#### WHAT IS EXPECTED
Extract the lines from the first one in the records below through the line containing "Commit message: Update", keeping both ends and leaving out any pictures.

#### ENTRIES SUPPLIED
=====
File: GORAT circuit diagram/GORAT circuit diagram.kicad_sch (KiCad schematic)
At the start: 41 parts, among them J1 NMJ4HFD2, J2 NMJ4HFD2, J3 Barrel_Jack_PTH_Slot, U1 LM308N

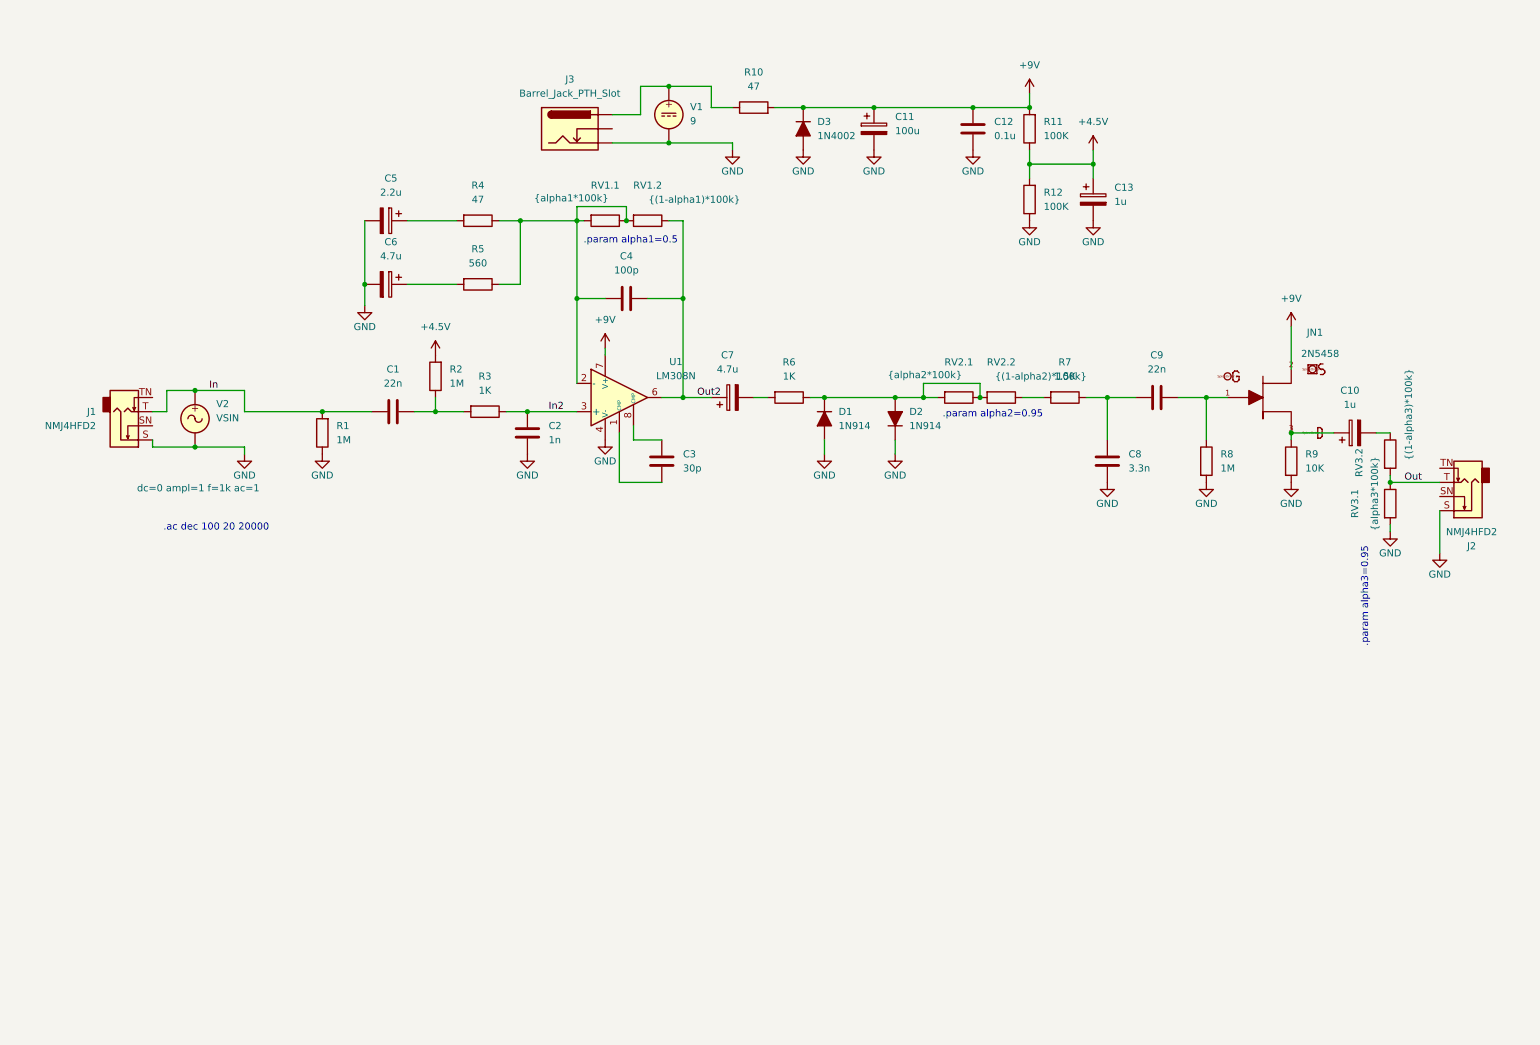
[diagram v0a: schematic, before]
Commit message: Update KiCad PCB and add backups
Replace GORAT circuit diagram.kicad_pcb with the full PCB data (expanded footprints, nets, layers and layout). Update related project files (GORAT circuit diagram.kicad_pro, .kicad_sch and fp-info-cache). Add multiple timestamped backup ZIPs under GORAT circuit diagram/GORAT circuit diagram-backups (dates 2026-02-27 and 2026-03-02).
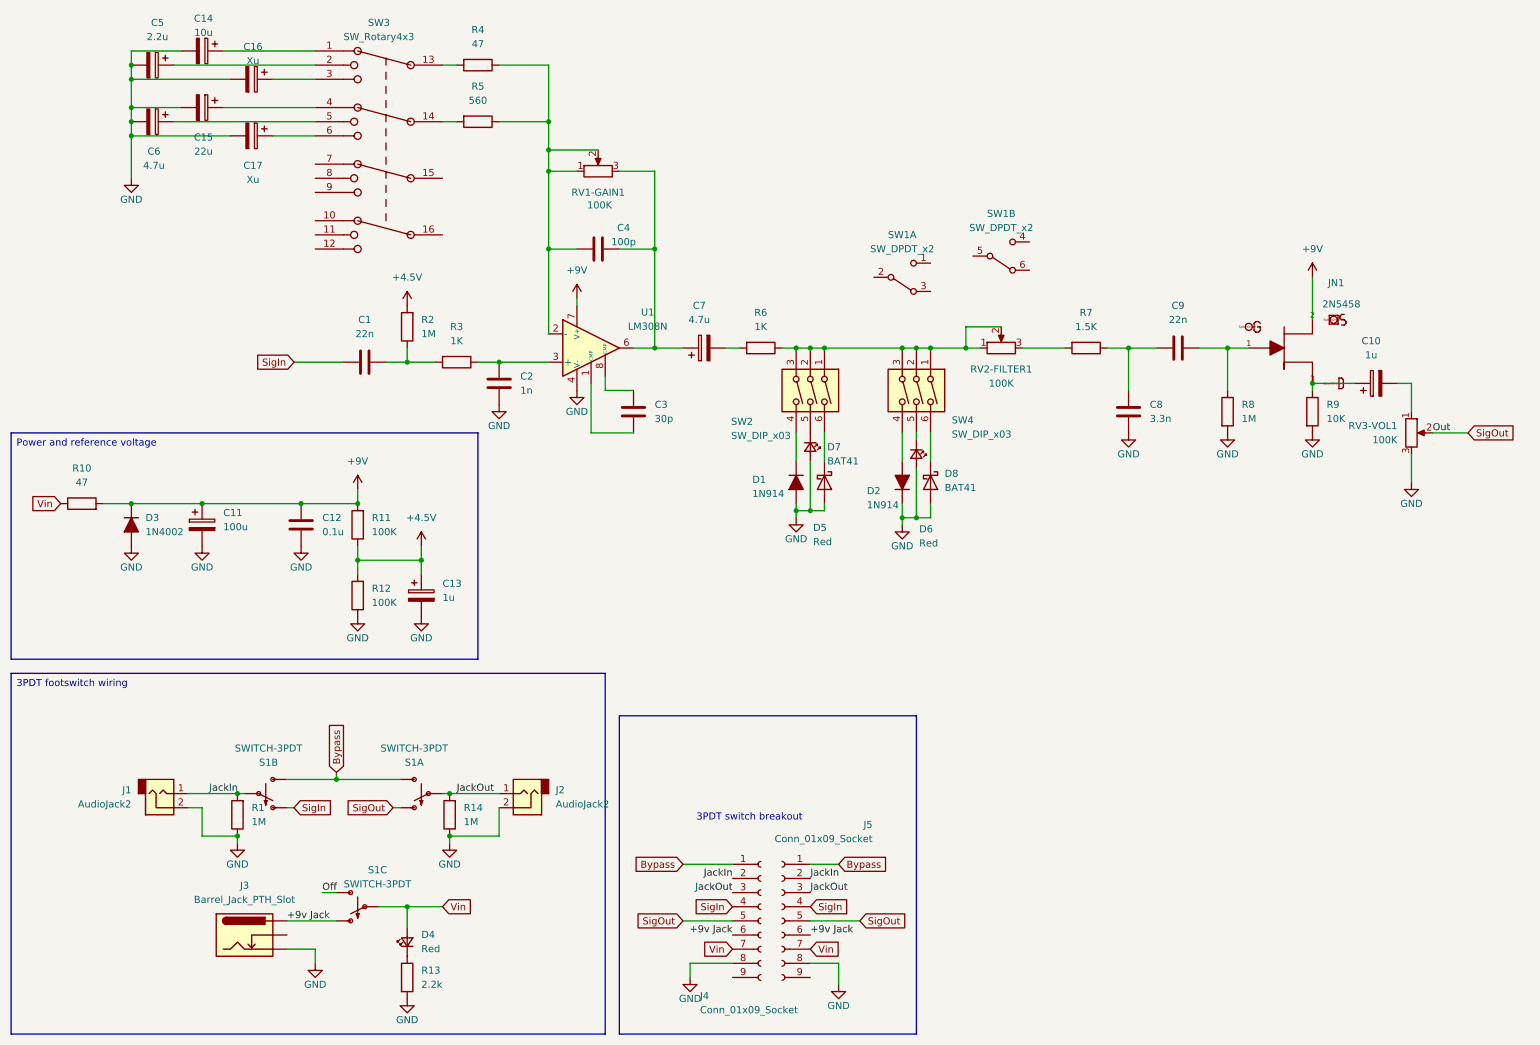
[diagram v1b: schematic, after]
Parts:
- removed J1, J2: NMJ4HFD2, Connector_Audio:Jack_6.35mm_Neutrik_NMJ4HFD2_Horizontal, symbol Connector_Audio:NMJ4HFD2
- removed RV1.1: {alpha1*100k}, symbol Device:R
- removed RV1.2: {(1-alpha1)*100k}, symbol Device:R
- removed RV2.1: {alpha2*100k}, symbol Device:R
- removed RV2.2: {(1-alpha2)*100k}, symbol Device:R
- removed RV3.1: {alpha3*100k}, symbol Device:R
- removed RV3.2: {(1-alpha3)*100k}, symbol Device:R
- removed V1: 9, symbol Simulation_SPICE:VDC
- removed V2: VSIN, symbol Simulation_SPICE:VSIN
- added C14: 10u, Capacitor_THT:CP_Radial_D5.0mm_P2.50mm, symbol Device:C_Polarized
- added C15: 22u, Capacitor_THT:CP_Radial_D5.0mm_P2.50mm, symbol Device:C_Polarized
- added C16, C17: Xu, Capacitor_THT:CP_Radial_D5.0mm_P2.50mm, symbol Device:C_Polarized
- added D4, D5, D6: Red, PCM_SparkFun-LED:LED_5mm_PTH_Red_NoSilk, symbol PCM_SparkFun-LED:LED_Red_5mm_PTH_NoSilk
- added D7, D8: BAT41, Diode_THT:D_DO-35_SOD27_P7.62mm_Horizontal, symbol Diode:BAT41
- added J1, J2: AudioJack2, Connector_Wire:SolderWire-0.75sqmm_1x02_P7mm_D1.25mm_OD3.5mm, symbol Connector_Audio:AudioJack2
- added J4, J5: Conn_01x09_Socket, Connector_PinHeader_2.54mm:PinHeader_1x09_P2.54mm_Vertical, symbol Connector:Conn_01x09_Socket
- added R13: 2.2k, Resistor_THT:R_Axial_DIN0207_L6.3mm_D2.5mm_P10.16mm_Horizontal, symbol Device:R
- added R14: 1M, Resistor_THT:R_Axial_DIN0207_L6.3mm_D2.5mm_P10.16mm_Horizontal, symbol Device:R
- added RV1-GAIN1, RV2-FILTER1, RV3-VOL1: 100K, Connector_Wire:SolderWire-0.75sqmm_1x03_P7mm_D1.25mm_OD3.5mm, symbol Device:R_Potentiometer
- added S1: SWITCH-3PDT, Daves customs:3PDT, symbol SparkFun-Electromechanical:SWITCH-3PDT
- added SW1: SW_DPDT_x2, symbol KRS_Switch:SW_DPDT_x2
- added SW2, SW4: SW_DIP_x03, symbol Switch:SW_DIP_x03
- added SW3: SW_Rotary4x3, Daves customs:Rotary Switch, symbol KRS_Switch:SW_Rotary4x3
- C1, C12, C2, C3, C4, C8, C9: footprint (none) -> Capacitor_THT:C_Disc_D4.7mm_W2.5mm_P5.00mm
- C10, C11, C13, C5, C6, C7: footprint (none) -> Capacitor_THT:CP_Radial_D5.0mm_P2.50mm
- R1, R10, R11, R12, R2, R3, R4, R5, R6, R7, R8, R9: footprint (none) -> Resistor_THT:R_Axial_DIN0207_L6.3mm_D2.5mm_P10.16mm_Horizontal
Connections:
- net GND: now also C14.2, C15.2, C16.2, C17.2, D5.2 (A), D6.2 (A), D7.2 (A), D8.2 (A), J1.2, J2.2, J4.8 (Pin_8), J5.8 (Pin_8), R13.2, R14.1, RV3-VOL1.3
- net at C4.2, R4.1, R5.1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: now also RV1-GAIN1.1, RV1-GAIN1.2
- net at R5.2: now also SW3.14; no longer C6.1
- net at C10.2: now also RV3-VOL1.1
- net +9v Jack: now reaches J3.PWR
- net +9v Jack: now also J4.6 (Pin_6), J5.6 (Pin_6), S1.P$7 (O); no longer R10.1
- net at R4.2: now also SW3.13; no longer C5.1
- net at R7.2: now also RV2-FILTER1.3
- net In renamed JackIn
- net JackIn: now also J1.1, J4.2 (Pin_2), J5.2 (Pin_2), S1.P$5 (P); no longer C1.1
- net In2: no longer names the net of C2.2, R3.1, U1.3 (+)
- net Out2: no longer names the net of C4.1, C7.1, U1.6
- net Out2: now also RV1-GAIN1.3
- new net: D4.1 (K), R13.1
- new net: D8.1 (K), SW4.6
- new net: D2.2 (A), SW4.4
- new net: R6.1, RV2-FILTER1.1, RV2-FILTER1.2, SW2.1, SW2.2, SW2.3, SW4.1, SW4.2, SW4.3
- new net: C17.1, SW3.6
- new net: D1.1 (K), SW2.4
- new net: C15.1, SW3.4
- new net: D7.1 (K), SW2.6
- new net: D5.1 (K), SW2.5
- new net: C14.1, SW3.1
- new net: C5.1, SW3.2
- new net: C16.1, SW3.3
- new net: C6.1, SW3.5
- new net: D6.1 (K), SW4.5
- new net Bypass: J4.1 (Pin_1), J5.1 (Pin_1), S1.P$3 (S), S1.P$6 (S)
- new net JackOut: J2.1, J4.3 (Pin_3), J5.3 (Pin_3), R14.2, S1.P$2 (P)
- new net Off: S1.P$9 (S)
- new net SigIn: C1.1, J4.4 (Pin_4), J5.4 (Pin_4), S1.P$4 (O)
- new net SigOut: J4.5 (Pin_5), J5.5 (Pin_5), RV3-VOL1.2, S1.P$1 (O)
- new net Vin: D4.2 (A), J4.7 (Pin_7), J5.7 (Pin_7), R10.1, S1.P$8 (P)
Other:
- note added: "3PDT switch breakout"
- note removed: ".ac dec 100 20 20000"
- note removed: ".param alpha1=0.5"
- note removed: ".param alpha2=0.95"
- note removed: ".param alpha3=0.95"
- moved on the sheet: C1, C10, C11, C12, C13, C2, C3, C4, C5, C6, C7, C8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

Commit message: asdsa
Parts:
- removed SW1: SW_DPDT_x2, symbol KRS_Switch:SW_DPDT_x2
- added C18: 470n, Capacitor_THT:C_Disc_D4.7mm_W2.5mm_P5.00mm, symbol Device:C
- added C19: 1u, Capacitor_THT:CP_Radial_D5.0mm_P2.50mm, symbol Device:C_Polarized
- added R15, R16, R17: 22k, Resistor_THT:R_Axial_DIN0207_L6.3mm_D2.5mm_P10.16mm_Horizontal, symbol Device:R
- added R18: 1M, Resistor_THT:R_Axial_DIN0207_L6.3mm_D2.5mm_P10.16mm_Horizontal, symbol Device:R
- added RV4-BLEND1: 100K, Connector_Wire:SolderWire-0.75sqmm_1x06_P7mm_D1.25mm_OD3.5mm, symbol Device:R_Potentiometer_Dual_Separate
- added U2, U3: TL072ACP, PCM_Package_DIP_AKL:DIP-8_W7.62mm_LongPads, symbol PCM_Amplifier_Operational_AKL:TL072ACP
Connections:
- net +4.5V: now also R18.1
- net +9V: now also U2.8 (V+), U3.8 (V+)
- net GND: now also U2.4 (V-), U3.4 (V-)
- net SigOut: now also C19.2; no longer RV3-VOL1.2
- net at C1.2, R2.1: now also U2.3 (+); no longer R3.2
- new net: R17.1, RV4-BLEND1.6
- new net: R15.1, R16.2, R17.2, U3.2 (-)
- new net: C18.1, U2.5 (+), U2.7
- new net: R3.2, U2.1, U2.2 (-), U2.6 (-)
- new net: C19.1, R15.2, U3.1
- new net: R16.1, RV4-BLEND1.3
- new net: R18.2, U3.3 (+)
- new net SigDRY: C18.2, RV4-BLEND1.4, RV4-BLEND1.5
- new net SigRAT: RV3-VOL1.2, RV4-BLEND1.1, RV4-BLEND1.2
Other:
- moved on the sheet: C1, R2

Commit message: almost done
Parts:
- removed J3: Barrel_Jack_PTH_Slot, PCM_SparkFun-Connector:Barrel_Jack_PTH_Slot, symbol PCM_SparkFun-Connector:Barrel_Jack_PTH_Slot
- removed J4, J5: Conn_01x09_Socket, Connector_PinHeader_2.54mm:PinHeader_1x09_P2.54mm_Vertical, symbol Connector:Conn_01x09_Socket
- removed SW2, SW4: SW_DIP_x03, symbol Switch:SW_DIP_x03
- added J3, J4: Conn_01x08_Socket, Connector_PinHeader_2.54mm:PinHeader_1x08_P2.54mm_Vertical, symbol Connector:Conn_01x08_Socket
- added J5, J7: Conn_01x02_Socket, Connector_PinHeader_2.54mm:PinHeader_1x02_P2.54mm_Vertical, symbol Connector:Conn_01x02_Socket
- added J6: Barrel_Jack, Connector_Wire:SolderWire-0.5sqmm_1x02_P4.6mm_D0.9mm_OD2.1mm, symbol Connector:Barrel_Jack
- added J8, J9: Conn_01x03_Socket, Connector_PinHeader_2.54mm:PinHeader_1x03_P2.54mm_Vertical, symbol Connector:Conn_01x03_Socket
- added SW8: SW_Rotary2x6, Daves customs:RS26, symbol KRS_Switch:SW_Rotary2x6
- RV1-GAIN1, RV2-FILTER1, RV3-VOL1: footprint Connector_Wire:SolderWire-0.75sqmm_1x03_P7mm_D1.25mm_OD3.5mm -> Daves customs:Potentiometer_Alpha_RD901F-40-00D_Single_Vertical
- RV4-BLEND1: footprint Connector_Wire:SolderWire-0.75sqmm_1x06_P7mm_D1.25mm_OD3.5mm -> Potentiometer_THT:Potentiometer_Alpha_RD902F-40-00D_Dual_Vertical
- SW3: footprint Daves customs:Rotary Switch -> Daves customs:RS26
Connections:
- net GND: now also RV3-VOL1.1, J6.2, J7.2 (Pin_2), J9.3 (Pin_3); no longer C14.2, C15.2, C16.2, C17.2, C5.2, C6.2, D1.2 (A), D2.1 (K), D5.2 (A), D6.2 (A), D7.2 (A), D8.2 (A), RV3-VOL1.3
- net SigDRY: no longer RV4-BLEND1.5
- net SigIn: no longer S1.P$4 (O)
- net SigOut: no longer S1.P$1 (O)
- net at C4.2, RV1-GAIN1.1, RV1-GAIN1.2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: now also J7.1 (Pin_1); no longer R4.1, R5.1
- net GND3: now reaches D8.1 (K)
- net GND3: now also C14.2, C15.2, C16.2, C17.2, C5.2, C6.2, D1.2 (A), D2.1 (K), D5.2 (A), D6.1 (K), D7.2 (A), J5.2 (Pin_2), J8.3 (Pin_3)
- net at D2.2 (A): now also SW8.3, SW8.4
- net at C10.2: now also RV3-VOL1.3; no longer RV3-VOL1.1
- net at R17.1, RV4-BLEND1.6: now also RV4-BLEND1.5
- net at R6.1, RV2-FILTER1.1: now also J9.1 (Pin_1), J9.2 (Pin_2); no longer RV2-FILTER1.2
- net at D1.1 (K): now also SW8.11, SW8.9
- net at D7.1 (K): now also SW8.12, SW8.7
- net at D5.1 (K): now also SW8.8
- net at R7.2, RV2-FILTER1.3: now also RV2-FILTER1.2
- net +9v Jack renamed +9v Jack2
- net +9v Jack2: now also J4.6 (Pin_6)
- net Bypass: no longer names the net of S1.P$3 (S), S1.P$6 (S)
- net JackIn renamed JackIn1
- net JackIn1: now also J3.2 (Pin_2); no longer S1.P$5 (P)
- net JackOut renamed JackOut1
- net JackOut1: now also J3.3 (Pin_3); no longer S1.P$2 (P)
- net Vin renamed Vin1
- net Vin1: now also J3.7 (Pin_7); no longer S1.P$8 (P)
- new net: D8.2 (A), SW8.1, SW8.5
- new net: J5.1 (Pin_1), R4.1, R5.1
- new net: J8.1 (Pin_1), SW8.13
- new net: J8.2 (Pin_2), SW8.14
- new net: D6.2 (A), SW8.2, SW8.6
- new net +9v Jack1: J3.6 (Pin_6), J6.1
- new net Bypass1: J3.1 (Pin_1)
- new net Bypass2: J4.1 (Pin_1)
- new net GND1: J3.8 (Pin_8)
- new net GND2: J4.8 (Pin_8)
- new net JackIn2: J4.2 (Pin_2), S1.P$5 (P)
- new net JackOut2: J4.3 (Pin_3), S1.P$2 (P)
- new net SigIn1: J3.4 (Pin_4)
- new net SigIn2: J4.4 (Pin_4), S1.P$4 (O)
- new net SigOut1: J3.5 (Pin_5)
- new net SigOut2: J4.5 (Pin_5), S1.P$1 (O)
- new net Vin2: J4.7 (Pin_7), S1.P$8 (P)
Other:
- moved on the sheet: C14, C15, C16, C17, C5, C6, D1, D2, D4, D5, D7, D8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

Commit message: close to done
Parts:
- removed C16, C17: Xu, Capacitor_THT:CP_Radial_D5.0mm_P2.50mm, symbol Device:C_Polarized
- removed C3: 30p, Capacitor_THT:C_Disc_D4.7mm_W2.5mm_P5.00mm, symbol Device:C
- removed JN1: 2N5458, 2N5458:TO92, symbol 2N5458:2N5458
- added C16: 68p, Capacitor_THT:C_Disc_D4.7mm_W2.5mm_P5.00mm, symbol Device:C
- added C17: 47p, Capacitor_THT:C_Disc_D4.7mm_W2.5mm_P5.00mm, symbol Device:C
- added C20: 220n, Capacitor_THT:C_Disc_D5.1mm_W3.2mm_P5.00mm, symbol Device:C
- added C21: 470n, Capacitor_THT:C_Disc_D5.1mm_W3.2mm_P5.00mm, symbol Device:C
- added C22: 33p, Capacitor_THT:C_Disc_D4.7mm_W2.5mm_P5.00mm, symbol Device:C
- added J10, J11: Conn_01x02_Socket, Connector_PinHeader_2.54mm:PinHeader_1x02_P2.54mm_Vertical, symbol Connector:Conn_01x02_Socket
- added Q1: J111, PCM_Package_TO_SOT_THT_AKL:TO-92_Inline_Wide_DSG, symbol PCM_Transistor_JFET_AKL:J111
- U1: value LM308N -> OP07CP
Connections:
- net +9V: now also Q1.1 (D)
- net GND3: now also C20.1, C21.1
- net at C9.1, R8.1: now also Q1.3 (G)
- net at C10.1, R9.1: now also Q1.2 (S)
- net at SW3.6: now also C21.2
- net at U1.1 (CMP): now also J10.2 (Pin_2)
- net at U1.8 (CMP): now also J10.1 (Pin_1)
- net at SW3.15: now also J11.1 (Pin_1)
- net at SW3.3: now also C20.2
- net at SW3.7: now also C16.1
- net at SW3.8: now also C17.1
- net at SW3.9: now also C22.1
- new net: C16.2, C17.2, C22.2, J11.2 (Pin_2)
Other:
- note added: "Bass, Reg, Beans"
- moved on the sheet: C14, C15, C5, C6, J5, J7
=====
#### RESPONSE TO THIS TASK
File: GORAT circuit diagram/GORAT circuit diagram.kicad_sch (KiCad schematic)
At the start: 41 parts, among them J1 NMJ4HFD2, J2 NMJ4HFD2, J3 Barrel_Jack_PTH_Slot, U1 LM308N

[diagram v0a: schematic, before]
Commit message: Update KiCad PCB and add backups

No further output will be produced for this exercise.